Еще раз прилетал к таежному терему Ангел. Уже наступила весна, и встречала земля светлый праздник Пасхи.

— Если хочешь, ты снова можешь стать ласточкой, — сказал хозяйке терема Ангел. Девочка не пожелала. Кругом все зеленело, шумело, пело. Но ей было жаль оставить навсегда своих зимних птиц и старого Деда. А теперь у нее еще была и названая сестра.

Ульяша часто прибегала к ней на поляну. Они вместе играли и тем славили Христа. Зимой со свиристелями и снегирями, а весной — с соловьями.

Цикл «Село Котоваськино»

ГОЛУБАЯ ПУГОВИЦА

Катя с бабушкой похожи. У Кати синие глаза. У бабушки тоже. Только Катины глаза бабушка называет синецветиками, а свои — куриной слепотой. Она на них сердита за то, что плохо они видеть стали. Даже очки им не помогают.

Как-то вечером решила бабушка Катино осеннее пальтецо подладить; порет старые нитки, вздыхает:

— Все-то ночами шила, все-то ночами. Вот и потеряла глаза.

Стала в иголку нитку вдергивать. Только время потеряла зря. Будит Катю.

— Внучка, помоги!

Катя подумала: уже утро. Занавеску отдернула: за окошком луна круглая, полная. Нитку в иголку вдернула и снова в кровать. Только заснуть не смогла.

— Бабушка, — заворчала она сердито, словно большая, — спать ложись, мне свет мешает.

Бабушка послушалась, свет погасила и скоро задышала по-сонному. А Кате не спится. Светло от луны. Видно всю комнату и спящую бабушку, худенькую, маленькую.

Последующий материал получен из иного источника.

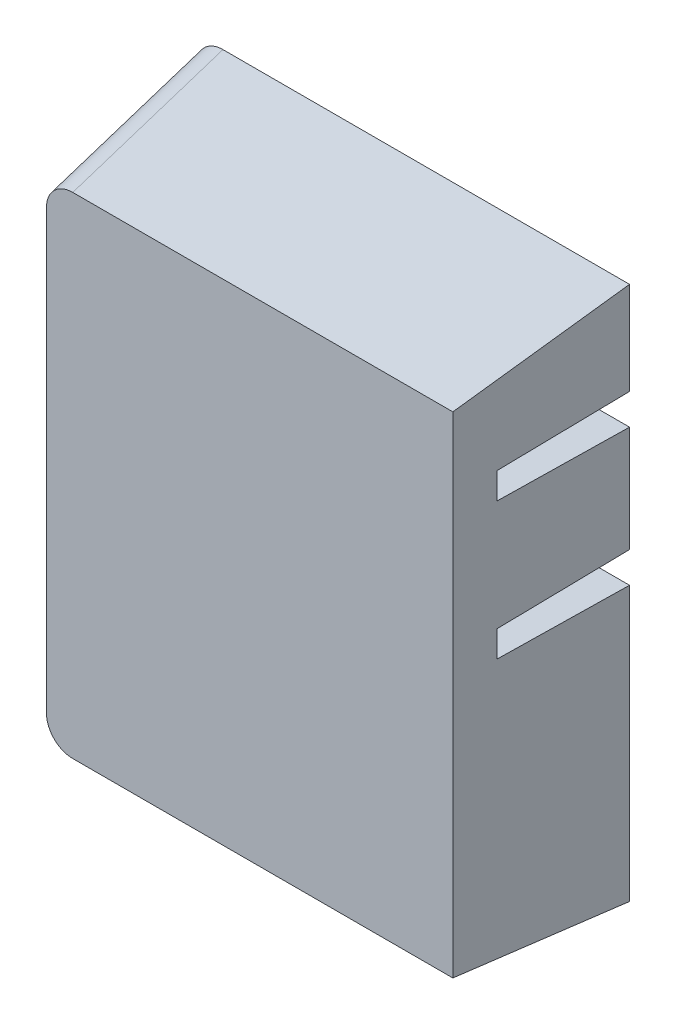
from build123d import *

# Parameters (mm, degrees)
ESQUISSE3_W                       = 60.424633044
ESQUISSE3_H                       = 3.5
ENL_V_MAT_EXTRU_3_DEPTH           = 15
ENL_V_MAT_EXTRU_3_DRAFT           = 1
ENL_V_MAT_EXTRU_3_PROFILE_2_DEPTH = 15
ENL_V_MAT_EXTRU_3_PROFILE_2_DRAFT = 1
ESQUISSE3_W_2                     = 42
ESQUISSE3_H_2                     = 3.2
ENL_V_MAT_EXTRU_3_PROFILE_3_DEPTH = 15
ENL_V_MAT_EXTRU_3_PROFILE_3_DRAFT = 1
CONG_1_R                          = 3


with BuildPart() as part:
    # Esquisse1 → Lissage1 section 0
    with BuildSketch(Plane.XY):
        with BuildLine():
            Line((-23, 27.75), (23, 27.75))
            Line((23, 27.75), (23, -27.75))
            Line((23, -27.75), (-23, -27.75))
            Line((-23, -27.75), (-23, 27.75))
        make_face()
    # Esquisse2 → Lissage1 section 1
    with BuildSketch(Plane.XY.offset(-20)):
        with BuildLine():
            Line((-26, 30.25), (23, 30.25))
            Line((23, 30.25), (23, -30.25))
            Line((23, -30.25), (-26, -30.25))
            Line((-26, -30.25), (-26, 30.25))
        make_face()
    loft()


with BuildPart() as enl_v_mat_extru_3_tool:
    # Esquisse3 → Enlèv. mat.-Extru.3 (with draft: the straight prism first)
    with BuildSketch(Plane.XY.offset(-20)):
        with Locations((-0.930868515, 2.5)):
            Rectangle(ESQUISSE3_W, ESQUISSE3_H)
    extrude(amount=ENL_V_MAT_EXTRU_3_DEPTH)
    # Enlèv. mat.-Extru.3: the draft: its side faces are tilted about the plane it starts from
    enl_v_mat_extru_3_sides = [enl_v_mat_extru_3_tool.faces().sort_by_distance(p)[0] for p in [
        (-0.930868515, 0.75, -12.5),
        (29.281448007, 2.5, -12.5),
        (-0.930868515, 4.25, -12.5),
        (-31.143185037, 2.5, -12.5),
    ]]
    draft(enl_v_mat_extru_3_sides, Plane.XY.offset(-20), ENL_V_MAT_EXTRU_3_DRAFT)


with BuildPart() as part_1:
    add(part.part)

    # Enlèv. mat.-Extru.3: cut by enl_v_mat_extru_3_tool
    add(enl_v_mat_extru_3_tool.part, mode=Mode.SUBTRACT)


with BuildPart() as enl_v_mat_extru_3_profile_2_tool:
    # Esquisse3 → Enlèv. mat.-Extru.3 profile 2 (with draft: the straight prism first)
    with BuildSketch(Plane.XY.offset(-20)):
        with Locations((-2.538455813, 18)):
            Rectangle(ESQUISSE3_W, ESQUISSE3_H)
    extrude(amount=ENL_V_MAT_EXTRU_3_PROFILE_2_DEPTH)
    # Enlèv. mat.-Extru.3 profile 2: the draft: its side faces are tilted about the plane it starts from
    enl_v_mat_extru_3_profile_2_sides = [enl_v_mat_extru_3_profile_2_tool.faces().sort_by_distance(p)[0] for p in [
        (-2.538455813, 16.25, -12.5),
        (27.673860709, 18, -12.5),
        (-2.538455813, 19.75, -12.5),
        (-32.750772335, 18, -12.5),
    ]]
    draft(enl_v_mat_extru_3_profile_2_sides, Plane.XY.offset(-20), ENL_V_MAT_EXTRU_3_PROFILE_2_DRAFT)


with BuildPart() as part_2:
    add(part_1.part)

    # Enlèv. mat.-Extru.3 profile 2: cut by enl_v_mat_extru_3_profile_2_tool
    add(enl_v_mat_extru_3_profile_2_tool.part, mode=Mode.SUBTRACT)


with BuildPart() as enl_v_mat_extru_3_profile_3_tool:
    # Esquisse3 → Enlèv. mat.-Extru.3 profile 3 (with draft: the straight prism first)
    with BuildSketch(Plane.XY.offset(-20)):
        with Locations((0, -15.85)):
            Rectangle(ESQUISSE3_W_2, ESQUISSE3_H_2)
    extrude(amount=ENL_V_MAT_EXTRU_3_PROFILE_3_DEPTH)
    # Enlèv. mat.-Extru.3 profile 3: the draft: its side faces are tilted about the plane it starts from
    enl_v_mat_extru_3_profile_3_sides = [enl_v_mat_extru_3_profile_3_tool.faces().sort_by_distance(p)[0] for p in [
        (0, -17.45, -12.5),
        (21, -15.85, -12.5),
        (0, -14.25, -12.5),
        (-21, -15.85, -12.5),
    ]]
    draft(enl_v_mat_extru_3_profile_3_sides, Plane.XY.offset(-20), ENL_V_MAT_EXTRU_3_PROFILE_3_DRAFT)


with BuildPart() as part_3:
    add(part_2.part)

    # Enlèv. mat.-Extru.3 profile 3: cut by enl_v_mat_extru_3_profile_3_tool
    add(enl_v_mat_extru_3_profile_3_tool.part, mode=Mode.SUBTRACT)

    # Congé1
    cong_1_edges = [part_3.edges().sort_by_distance(p)[0] for p in [
        (-24.5, 29, -10),
        (-24.5, -29, -10),
    ]]
    fillet(cong_1_edges, radius=CONG_1_R)


solid = part_3.part

— Сделаю-ка я сама бабушкину работу. Она утром увидит — обрадуется.

Прокралась Катя к столу. Свет включать не стала. Подол у пальтишка распарывает, работает. Вдруг об пол что-то стукнуло. Катя нагнулась. Зеркальце круглое. Точно на солнце сияет. А другая сторона фарфоровая. На ней облачко и луна нарисованы. Катя вспомнила: год назад, по весне, когда стаял снег, она нашла это зеркальце. Положила в карман и забыла. Катя в зеркальце покосилась — два синих глаза в нем отразились. И вдруг чуть не выронила находку снова. Из зеркала на нее глянула чья-то усатая морда.

«Или мне мнится?»

На залитой луной половице стоял Заяц. В жилете. Длинные уши сквозь берет продеты. В лапах фонарик. Он осветил им зеркальце.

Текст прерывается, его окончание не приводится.